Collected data
┌──

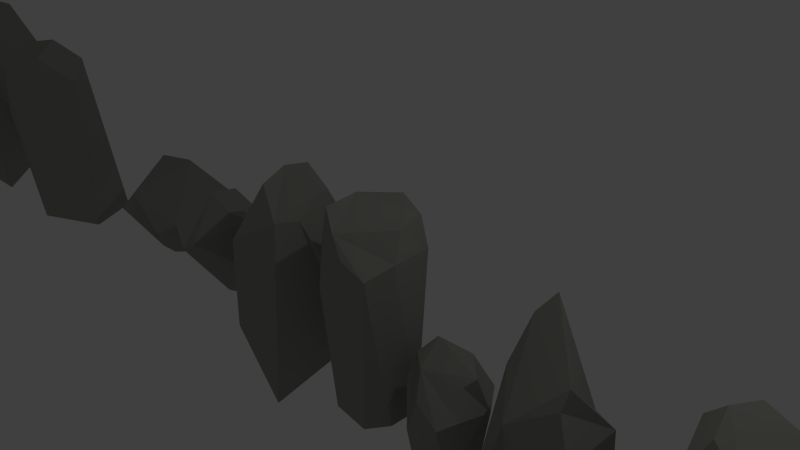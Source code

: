 # Source: rocksssss.blend  (saved by Blender 2.72.0; exported with 4.5.12 LTS)
import bpy
from mathutils import Matrix  # noqa: F401  (used for matrix-valued properties, if any)

bpy.ops.wm.read_factory_settings(use_empty=True)
scene = bpy.context.scene
scene.name = 'Scene'

# ---- collections
col_collection_1 = bpy.data.collections.new('Collection 1'); scene.collection.children.link(col_collection_1)

# ---- materials (node trees are filled in below, after node groups)
mat_rock_grey = bpy.data.materials.new('ROCK_GREY')
mat_rock_grey.alpha_threshold = 0.0
mat_rock_grey.use_transparent_shadow = False
mat_rock_grey.diffuse_color = (0.3285, 0.3303, 0.2987, 1.0)
mat_rock_grey.roughness = 0.5
mat_rock_grey.specular_intensity = 0.0

# ---- material node trees

# ---- world
world_world = bpy.data.worlds.new('World'); scene.world = world_world
world_world.color = (0.05088, 0.05088, 0.05088)
world_world.use_sun_shadow = False
world_world.sun_shadow_jitter_overblur = 0.0
world_world.cycles.sampling_method = 'MANUAL'
world_world.cycles.sample_map_resolution = 256

# ---- cameras
cam_camera = bpy.data.cameras.new('Camera')
cam_camera.clip_end = 100.0
cam_camera.lens = 35.0
cam_camera.sensor_width = 32.0
cam_camera.sensor_height = 18.0
cam_camera.ortho_scale = 7.314
cam_camera.dof.focus_distance = 0.0
cam_camera.dof.aperture_fstop = 128.0

# ---- lights
light_lamp = bpy.data.lights.new('Lamp', 'POINT')
light_lamp.transmission_factor = 0.0
light_lamp.cutoff_distance = 30.0
light_lamp.energy = 100.0
light_lamp.shadow_buffer_clip_start = 1.001
light_lamp.shadow_soft_size = 0.1
light_lamp.shadow_maximum_resolution = 0.006
light_lamp.use_absolute_resolution = True
light_lamp.cycles.use_multiple_importance_sampling = False

# ---- meshes
me_icosphere_006 = bpy.data.meshes.new('Icosphere.006')
me_icosphere_006.from_pydata([(0.1081, 0.1272, -1.124), (1.935, -2.249, -1.194), (-0.4233, -2.715, -1.459), (-3.142, 0.3744, -1.071), (-0.9399, 2.603, -1.263), (2.482, 2.009, -0.4143), (0.3891, -2.814, -0.2882), (-3.879, -1.636, -0.3175), (-3.775, 1.641, 0.3745), (0.591, 3.37, 0.4092), (2.219, -0.5346, 0.7167), (-1.166, 0.2689, 1.354), (-0.5396, -1.319, -1.285), (1.186, -0.9309, -1.147), (0.6226, -2.259, -1.414), (3.181, 0.1652, -0.8687), (1.827, 1.027, -0.9226), (-1.257, -0.1257, -1.197), (-2.501, -1.098, -1.221), (-0.6634, 1.098, -1.101), (-1.885, 1.581, -1.188), (0.5836, 2.539, -0.9991), (3.051, -1.105, 0.1166), (3.209, 1.34, -0.06267), (0.3168, -3.08, -0.7741), (1.404, -2.841, -0.4509), (-4.32, -0.7636, -0.8618), (-2.681, -2.271, -0.7216), (-2.664, 3.19, -0.5886), (-4.007, 0.711, -0.7481), (1.944, 3.029, -0.2993), (-0.1943, 3.598, -0.6695), (2.046, -2.329, 0.6208), (-1.48, -2.751, -0.01421), (-4.395, -0.3024, -0.09687), (-1.459, 3.4, 0.6133), (1.849, 1.755, 0.5837), (-1.009, -2.088, 0.6796), (1.112, -0.006833, 1.448), (-3.309, -1.085, 0.3243), (-3.081, 1.588, 0.7252), (-0.2674, 2.025, 1.266)], [], [(0, 13, 12), (1, 13, 15), (0, 12, 17), (0, 17, 19), (0, 19, 16), (1, 15, 22), (2, 14, 24), (3, 18, 26), (4, 20, 28), (5, 21, 30), (1, 22, 25), (2, 24, 27), (3, 26, 29), (4, 28, 31), (5, 30, 23), (6, 32, 37), (7, 33, 39), (8, 34, 40), (9, 35, 41), (10, 36, 38), (12, 14, 2), (12, 13, 14), (13, 1, 14), (15, 16, 5), (15, 13, 16), (13, 0, 16), (17, 18, 3), (17, 12, 18), (12, 2, 18), (19, 20, 4), (19, 17, 20), (17, 3, 20), (16, 21, 5), (16, 19, 21), (19, 4, 21), (22, 23, 10), (22, 15, 23), (15, 5, 23), (24, 25, 6), (24, 14, 25), (14, 1, 25), (26, 27, 7), (26, 18, 27), (18, 2, 27), (28, 29, 8), (28, 20, 29), (20, 3, 29), (30, 31, 9), (30, 21, 31), (21, 4, 31), (25, 32, 6), (25, 22, 32), (22, 10, 32), (27, 33, 7), (27, 24, 33), (24, 6, 33), (29, 34, 8), (29, 26, 34), (26, 7, 34), (31, 35, 9), (31, 28, 35), (28, 8, 35), (23, 36, 10), (23, 30, 36), (30, 9, 36), (37, 38, 11), (37, 32, 38), (32, 10, 38), (39, 37, 11), (39, 33, 37), (33, 6, 37), (40, 39, 11), (40, 34, 39), (34, 7, 39), (41, 40, 11), (41, 35, 40), (35, 8, 40), (38, 41, 11), (38, 36, 41), (36, 9, 41)])
me_icosphere_006.materials.append(mat_rock_grey)
me_icosphere_006.use_remesh_preserve_volume = False
me_icosphere_006.use_remesh_preserve_attributes = False
me_icosphere_006.use_mirror_vertex_groups = False
me_icosphere_006.update()
me_icosphere_005 = bpy.data.meshes.new('Icosphere.005')
me_icosphere_005.from_pydata([(-0.6952, -1.542, -0.5598), (-2.365, -0.1597, -0.4676), (-0.6207, 1.579, -0.5444), (1.624, 0.9296, -0.6766), (-1.765, -0.7797, 0.1812), (2.042, -0.05049, 0.3549), (-0.1199, 0.00208, 0.6812), (0.5163, -1.494, -0.738), (1.886, -0.04104, -0.8034), (-1.866, -0.7752, -0.5234), (-1.572, 0.9583, -0.5975), (0.5898, 1.475, -0.7177), (2.291, -0.6208, -0.2358), (-0.04632, -1.834, -0.01435), (1.173, -1.511, -0.3435), (1.363, 1.453, -0.06867), (0.004559, 1.709, -0.07161), (1.541, -0.957, 0.4838), (-0.2934, -1.36, 0.3816), (-1.856, -0.1857, 0.107), (1.584, 0.8775, 0.5214), (0.2716, -0.9274, 0.6242), (-1.036, 0.4367, 0.3872)], [], [(8, 12, 14, 7), (7, 14, 13, 0), (13, 18, 4, 9, 0), (5, 20, 6, 21, 17), (11, 2, 16, 15, 3), (14, 12, 17), (12, 5, 17), (14, 17, 21, 18, 13), (1, 9, 4, 19), (10, 1, 19, 22, 16, 2), (3, 15, 20, 5, 12, 8), (22, 6, 20, 15, 16), (4, 18, 21, 6, 22, 19), (3, 8, 7, 0, 9, 1, 10, 2, 11)])
me_icosphere_005.materials.append(mat_rock_grey)
me_icosphere_005.use_remesh_preserve_volume = False
me_icosphere_005.use_remesh_preserve_attributes = False
me_icosphere_005.use_mirror_vertex_groups = False
me_icosphere_005.update()
me_icosphere_004 = bpy.data.meshes.new('Icosphere.004')
me_icosphere_004.from_pydata([(0.8192, -0.576, -1.005), (-0.2864, -1.04, -0.9934), (0.7066, -0.9537, -0.04161), (0.2577, 1.013, 1.006), (-0.05635, 0.04411, 2.21), (-0.2365, -0.5854, -1.825), (0.4313, -0.332, -2.085), (-0.4845, -0.4368, -1.088), (-0.164, 0.5382, -1.829), (-0.5812, 0.3115, -1.225), (0.02504, -1.212, -0.02712), (0.6617, 0.8979, -0.02442), (0.7647, -0.5553, 1.2), (-0.2804, -0.9128, 1.206), (-0.9635, 0.03893, 1.157), (-0.2857, 0.8481, 1.066), (0.5901, -0.06473, 1.857), (-0.434, -0.3627, 1.976), (0.1331, 0.577, 1.991)], [], [(3, 15, 18), (5, 1, 7), (0, 6, 8, 11, 12, 2), (1, 10, 13, 17, 14, 7), (10, 2, 13), (9, 7, 14, 15), (2, 12, 16, 4, 17, 13), (4, 18, 15, 14, 17), (16, 18, 4), (18, 16, 12, 11, 3), (6, 0, 2, 10, 1, 5), (15, 3, 11, 8, 9), (8, 5, 7, 9), (8, 6, 5)])
me_icosphere_004.materials.append(mat_rock_grey)
me_icosphere_004.use_remesh_preserve_volume = False
me_icosphere_004.use_remesh_preserve_attributes = False
me_icosphere_004.use_mirror_vertex_groups = False
me_icosphere_004.update()
me_icosphere_003 = bpy.data.meshes.new('Icosphere.003')
me_icosphere_003.from_pydata([(0.1081, 0.1468, -1.71), (1.935, -1.613, -1.705), (-0.4233, -1.946, -2.085), (-3.142, 0.3279, -1.642), (-0.9399, 1.991, -2.036), (2.482, 1.51, -0.7219), (0.3891, -2.075, -0.3056), (-3.879, -1.199, -0.405), (-3.775, 1.2, 0.4913), (0.591, 2.482, 0.4631), (2.219, -0.4302, 1.112), (-1.166, 0.1363, 2.041), (-0.5396, -0.9186, -1.887), (1.186, -0.6372, -1.696), (0.6226, -1.61, -2.039), (3.181, 0.1631, -1.325), (1.827, 0.8053, -1.447), (-1.257, -0.03741, -1.809), (-2.501, -0.758, -1.801), (-0.6634, 0.866, -1.72), (-1.885, 1.229, -1.875), (0.5836, 1.931, -1.633), (3.051, -0.825, 0.2283), (3.209, 0.9969, -0.1576), (0.3168, -2.249, -1.03), (1.404, -2.087, -0.5511), (-4.32, -0.5264, -1.271), (-2.681, -1.652, -0.9881), (-2.664, 2.395, -1.041), (-4.007, 0.5625, -1.167), (1.944, 2.262, -0.5952), (-0.1943, 2.701, -1.183), (2.046, -1.757, 1.05), (-1.48, -2.041, 0.1069), (-4.395, -0.2199, -0.1328), (-1.459, 2.494, 0.7712), (1.849, 1.275, 0.8031), (-1.009, -1.581, 1.128), (1.112, -0.07264, 2.195), (-3.309, -0.8202, 0.5424), (-3.081, 1.144, 1.025), (-0.2674, 1.443, 1.826)], [], [(0, 13, 12), (1, 13, 15), (0, 12, 17), (0, 17, 19), (0, 19, 16), (1, 15, 22), (2, 14, 24), (3, 18, 26), (4, 20, 28), (5, 21, 30), (1, 22, 25), (2, 24, 27), (3, 26, 29), (4, 28, 31), (5, 30, 23), (6, 32, 37), (7, 33, 39), (8, 34, 40), (9, 35, 41), (10, 36, 38), (12, 14, 2), (12, 13, 14), (13, 1, 14), (15, 16, 5), (15, 13, 16), (13, 0, 16), (17, 18, 3), (17, 12, 18), (12, 2, 18), (19, 20, 4), (19, 17, 20), (17, 3, 20), (16, 21, 5), (16, 19, 21), (19, 4, 21), (22, 23, 10), (22, 15, 23), (15, 5, 23), (24, 25, 6), (24, 14, 25), (14, 1, 25), (26, 27, 7), (26, 18, 27), (18, 2, 27), (28, 29, 8), (28, 20, 29), (20, 3, 29), (30, 31, 9), (30, 21, 31), (21, 4, 31), (25, 32, 6), (25, 22, 32), (22, 10, 32), (27, 33, 7), (27, 24, 33), (24, 6, 33), (29, 34, 8), (29, 26, 34), (26, 7, 34), (31, 35, 9), (31, 28, 35), (28, 8, 35), (23, 36, 10), (23, 30, 36), (30, 9, 36), (37, 38, 11), (37, 32, 38), (32, 10, 38), (39, 37, 11), (39, 33, 37), (33, 6, 37), (40, 39, 11), (40, 34, 39), (34, 7, 39), (41, 40, 11), (41, 35, 40), (35, 8, 40), (38, 41, 11), (38, 36, 41), (36, 9, 41)])
me_icosphere_003.materials.append(mat_rock_grey)
me_icosphere_003.use_remesh_preserve_volume = False
me_icosphere_003.use_remesh_preserve_attributes = False
me_icosphere_003.use_mirror_vertex_groups = False
me_icosphere_003.update()
me_icosphere_002 = bpy.data.meshes.new('Icosphere.002')
me_icosphere_002.from_pydata([(0.8785, -0.6332, -0.8104), (-0.2591, -1.011, -0.9644), (1.239, 0.9393, -0.3925), (0.2199, -1.525, -0.1568), (0.2382, 1.947, 0.3218), (-0.5564, 0.08789, 0.9737), (0.3173, -0.9108, -0.94), (1.482, 0.1389, -0.5293), (1.277, 0.5638, -0.631), (0.3587, 1.01, -0.651), (1.441, -0.3993, 0.06354), (1.467, 0.5249, -0.02127), (0.5149, -1.546, -0.5137), (-2.027, -0.2452, -0.6035), (-1.174, -0.7303, -0.5296), (-1.235, 1.161, -0.5214), (-1.93, 0.2907, -0.5292), (-0.06612, 1.899, -0.47), (0.9065, -0.8463, 0.5835), (-0.767, -1.023, 0.0002836), (-1.967, -0.5066, -0.09301), (-0.7247, 1.645, 0.3958), (0.8345, 1.082, 0.4479), (0.5269, 0.01709, 1.067), (-1.549, -0.3841, 0.2539)], [], [(7, 11, 10, 0), (8, 2, 11, 7), (8, 9, 2), (0, 10, 12, 6), (12, 10, 18, 3), (1, 6, 12, 3, 19, 14), (16, 13, 20), (14, 19, 24, 20, 13), (17, 15, 21, 4), (2, 9, 17, 4, 22, 11), (11, 22, 23, 18, 10), (24, 5, 21, 15, 16, 20), (4, 21, 5, 23, 22), (3, 18, 23, 5, 24, 19), (14, 13, 1), (1, 9, 8, 7, 0, 6), (15, 17, 9, 1, 13, 16)])
me_icosphere_002.materials.append(mat_rock_grey)
me_icosphere_002.use_remesh_preserve_volume = False
me_icosphere_002.use_remesh_preserve_attributes = False
me_icosphere_002.use_mirror_vertex_groups = False
me_icosphere_002.update()
me_icosphere_001 = bpy.data.meshes.new('Icosphere.001')
me_icosphere_001.from_pydata([(1.414, -0.2226, -0.1891), (-0.2629, -1.215, -0.2824), (-1.683, -0.1155, -0.3954), (-0.6072, 1.245, -0.303), (1.105, 0.4695, 0.1681), (0.1171, -0.1184, 1.008), (0.5131, 0.9095, -0.3281), (0.3415, -1.215, -0.02941), (-2.403, -0.6178, 0.09096), (-1.3, -1.341, 0.002923), (-1.154, 1.023, 0.1362), (-2.148, 0.3952, 0.1414), (0.3845, 0.9989, 0.08616), (-0.6182, -1.378, 0.5208), (-2.32, -0.03847, 0.6874), (-1.466, -0.7056, 1.061), (-1.09, 0.2594, 1.03)], [], [(9, 13, 15, 8), (0, 4, 5, 15, 13, 7), (2, 1, 9, 8), (6, 3, 10, 12), (7, 13, 9, 1), (1, 0, 7), (15, 14, 8), (11, 8, 14), (11, 14, 16, 10), (16, 5, 4, 12, 10), (16, 15, 5), (16, 14, 15), (1, 2, 3, 6, 0), (3, 2, 8, 11, 10), (4, 0, 6, 12)])
me_icosphere_001.materials.append(mat_rock_grey)
me_icosphere_001.use_remesh_preserve_volume = False
me_icosphere_001.use_remesh_preserve_attributes = False
me_icosphere_001.use_mirror_vertex_groups = False
me_icosphere_001.update()
me_cube_001 = bpy.data.meshes.new('Cube.001')
me_cube_001.from_pydata([(-0.9966, -0.5653, -2.043), (0.2078, 0.01857, -2.038), (-0.5669, -0.9457, 1.077), (-1.217, -0.7694, 0.2331), (0.7188, -0.1379, 1.16), (0.1505, -0.5523, 1.562), (-1.541, 0.2074, -2.018), (-0.1492, 0.8932, -1.963), (-0.9782, -0.6096, 1.656), (-1.438, -0.4386, 0.579), (0.541, 0.1353, 1.523), (0.1118, -0.1712, 1.853), (-0.8331, 0.4349, 0.5502)], [], [(9, 8, 11, 10, 12), (1, 4, 5, 2, 3, 0), (5, 11, 8, 2), (4, 10, 11, 5), (2, 8, 9, 3), (3, 9, 6, 0), (1, 7, 10, 4), (9, 12, 7, 6), (10, 7, 12), (1, 0, 6, 7)])
me_cube_001.materials.append(mat_rock_grey)
me_cube_001.use_remesh_preserve_volume = False
me_cube_001.use_remesh_preserve_attributes = False
me_cube_001.use_mirror_vertex_groups = False
me_cube_001.update()
me_icosphere = bpy.data.meshes.new('Icosphere')
me_icosphere.from_pydata([(0.249, 0.4845, -0.856), (0.6069, 0.3111, -0.2065), (-0.1636, 0.1089, -0.7454), (-0.4528, 0.3993, -0.702), (0.5151, 0.1986, 0.7799), (0.1784, -0.6282, 0.514), (-0.05604, -0.6976, 0.3775), (-0.675, -0.46, 0.6436), (-0.3446, 0.09947, 1.022), (0.3336, -0.0424, 0.9287), (0.7124, 0.1986, 0.4289), (-0.6694, 0.7366, 0.7841), (0.212, 0.6808, 0.6038), (0.03363, 0.9974, -0.1646), (0.3476, 0.7789, 0.2058), (-0.01492, 0.7711, -0.7668), (-0.8932, 0.5719, -0.1196)], [], [(0, 1, 5, 6, 2), (10, 4, 9, 5, 1), (12, 11, 8, 9, 4), (9, 8, 7, 6, 5), (14, 10, 1, 13), (12, 4, 10, 14), (15, 13, 1, 0), (12, 14, 13, 11), (13, 16, 11), (3, 2, 6, 7, 16), (15, 3, 16, 13), (8, 11, 16, 7), (0, 2, 3, 15)])
me_icosphere.materials.append(mat_rock_grey)
me_icosphere.use_remesh_preserve_volume = False
me_icosphere.use_remesh_preserve_attributes = False
me_icosphere.use_mirror_vertex_groups = False
me_icosphere.update()
me_cylinder_006 = bpy.data.meshes.new('Cylinder.006')
me_cylinder_006.from_pydata([(-1.873, 0.5816, 0.1077), (-0.8321, 0.6144, 0.54), (-1.171, -0.7331, -0.156), (0.6302, 0.6914, 0.2247), (0.3037, -0.7312, -0.4132), (0.6001, -0.5694, -0.001122), (0.7363, -0.4529, -0.2604), (0.2755, -0.8132, -0.1543), (0.9963, 0.6574, 0.03496), (-0.9128, -0.595, 0.1537), (-1.047, 0.9545, 0.1431), (-1.581, 0.4718, 0.4689), (-1.563, 0.5314, -0.2873), (-1.052, -0.4215, -0.4782), (0.1852, -0.4585, -0.6867), (0.5461, -0.3628, -0.5799), (0.6581, 0.5101, -0.3762), (-0.8724, 0.9356, -0.2503)], [], [(5, 6, 8, 3), (7, 4, 6, 5), (9, 2, 4, 7), (11, 0, 2, 9), (3, 1, 11, 9, 7, 5), (1, 10, 0, 11), (10, 8, 16, 17), (3, 8, 10, 1), (16, 15, 14, 13, 12, 17), (8, 6, 15, 16), (6, 4, 14, 15), (4, 2, 13, 14), (2, 0, 12, 13), (0, 10, 17, 12)])
me_cylinder_006.materials.append(mat_rock_grey)
me_cylinder_006.use_remesh_preserve_volume = False
me_cylinder_006.use_remesh_preserve_attributes = False
me_cylinder_006.use_mirror_vertex_groups = False
me_cylinder_006.update()
me_cylinder_005 = bpy.data.meshes.new('Cylinder.005')
me_cylinder_005.from_pydata([(-0.3025, 0.6388, -2.141), (-0.7079, 0.7579, 1.012), (0.146, 0.6628, -2.096), (-0.009015, 0.8641, 1.356), (0.6098, 0.2047, -1.983), (0.4334, 0.3935, 1.159), (0.672, 0.01119, -1.97), (0.7671, -0.6713, -0.3441), (-0.3788, -0.7005, -1.877), (-0.4232, -0.8586, 0.5923), (-0.6636, -0.2712, -1.825), (-0.9065, -0.4567, 0.707), (1.018, 0.3181, 0.2875), (-0.4938, -0.7757, 0.5096), (-0.9624, -0.09526, 0.01893), (-0.6573, -0.6428, -0.3146), (0.4357, 1.058, 0.1091), (-0.7622, 0.8437, 0.3154)], [], [(1, 3, 16, 17), (2, 16, 12, 4), (5, 7, 12), (6, 7, 9, 13, 15, 8), (7, 5, 9), (3, 5, 12, 16), (13, 9, 11), (4, 12, 7, 6), (14, 15, 13, 11), (3, 1, 11, 9, 5), (8, 15, 14, 10), (16, 2, 0, 17), (1, 17, 14, 11), (14, 17, 0, 10), (2, 4, 6, 8, 10, 0)])
me_cylinder_005.materials.append(mat_rock_grey)
me_cylinder_005.use_remesh_preserve_volume = False
me_cylinder_005.use_remesh_preserve_attributes = False
me_cylinder_005.use_mirror_vertex_groups = False
me_cylinder_005.update()
me_cylinder_004 = bpy.data.meshes.new('Cylinder.004')
me_cylinder_004.from_pydata([(-0.9072, 0.2246, -1.36), (-0.2244, 0.1627, 1.014), (-0.1448, 1.143, -1.602), (-0.009096, 0.4214, 1.046), (0.858, 0.4624, -1.592), (0.47, 0.3625, 0.8315), (0.4592, -0.1366, 0.4687), (0.3235, -0.6483, -2.45), (0.3132, -0.4499, 0.482), (-0.8248, -0.4834, -1.672), (-0.1249, -0.2863, 0.8916), (-0.5993, 0.4037, 0.6824), (0.008418, 1.043, -0.02316), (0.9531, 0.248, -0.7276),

└──

▸ **EXERCISE**
How many lines in the records above contain the word "cycles"? Reply with the number and nothing more.

▸ **SOLVED PROBLEM**
3